§ **EXERCISE**
What lines of the data include the string "normal"? Copy them all.
↓
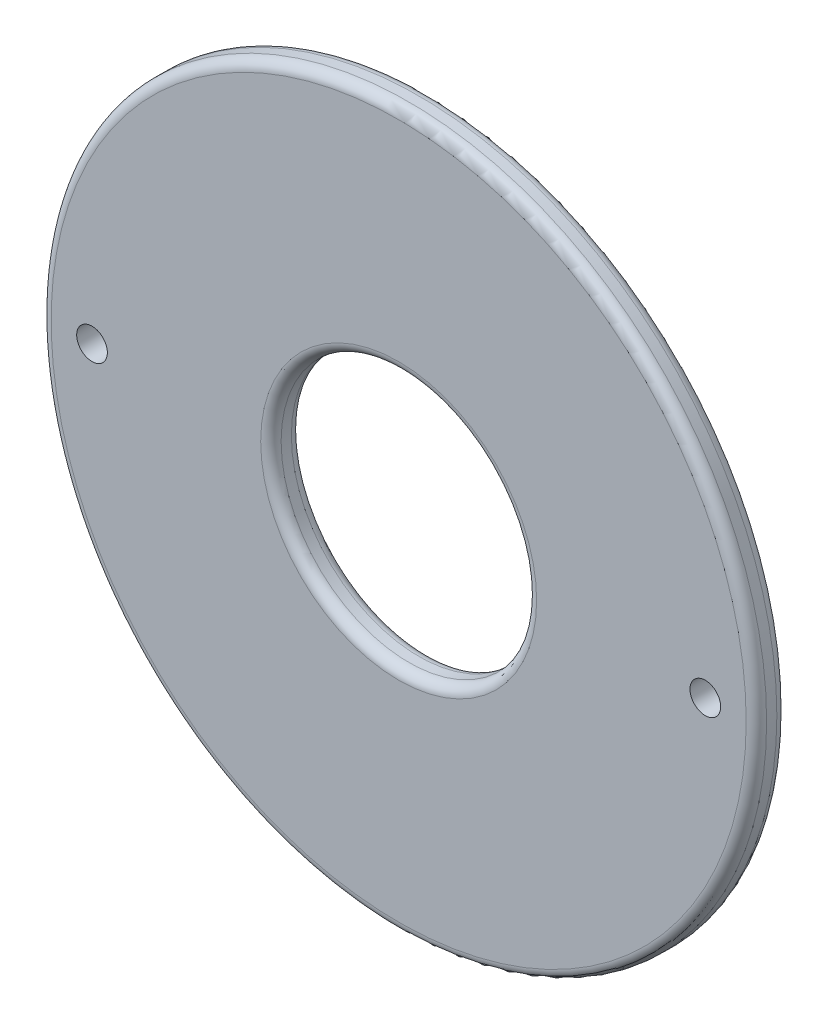
SolidWorks part; units mm, degrees
material "PETG"
ref_plane "Alzado" through (0, 0, 0) normal (0, 0, 1) x (1, 0, 0)
ref_plane "Planta" through (0, 0, 0) normal (0, 1, 0) x (1, 0, 0)
ref_plane "Vista lateral" through (0, 0, 0) normal (1, 0, 0) x (0, 0, -1)
sketch "Croquis1" plane through (0, 0, 0) normal (0, 0, 1) x (1, 0, 0)
  circle A0 centre (0, 0) radius 35
  circle A1 centre (0, 0) radius 12.5
  circle A2 centre (30, 0) radius 1.5
  circle A3 centre (-30, 0) radius 1.5
  dimension "D3" = 3
  dimension "D4" = 3
  dimension "D5" = 70
  dimension "D6" = 25
  dimension "D1" = 30
  dimension "D2" = 60
extrude "Saliente-Extruir1" add sketch "Croquis1" along normal blind 3
fillet "Redondeo1" radius 1 4 edges at (12.5, 0, 3) (12.5, 0, 0) (35, 0, 0) (35, 0, 3)
↑
§ **EXERCISE SOLUTION**
ref_plane "Alzado" through (0, 0, 0) normal (0, 0, 1) x (1, 0, 0)
ref_plane "Planta" through (0, 0, 0) normal (0, 1, 0) x (1, 0, 0)
ref_plane "Vista lateral" through (0, 0, 0) normal (1, 0, 0) x (0, 0, -1)
sketch "Croquis1" plane through (0, 0, 0) normal (0, 0, 1) x (1, 0, 0)
extrude "Saliente-Extruir1" add sketch "Croquis1" along normal blind 3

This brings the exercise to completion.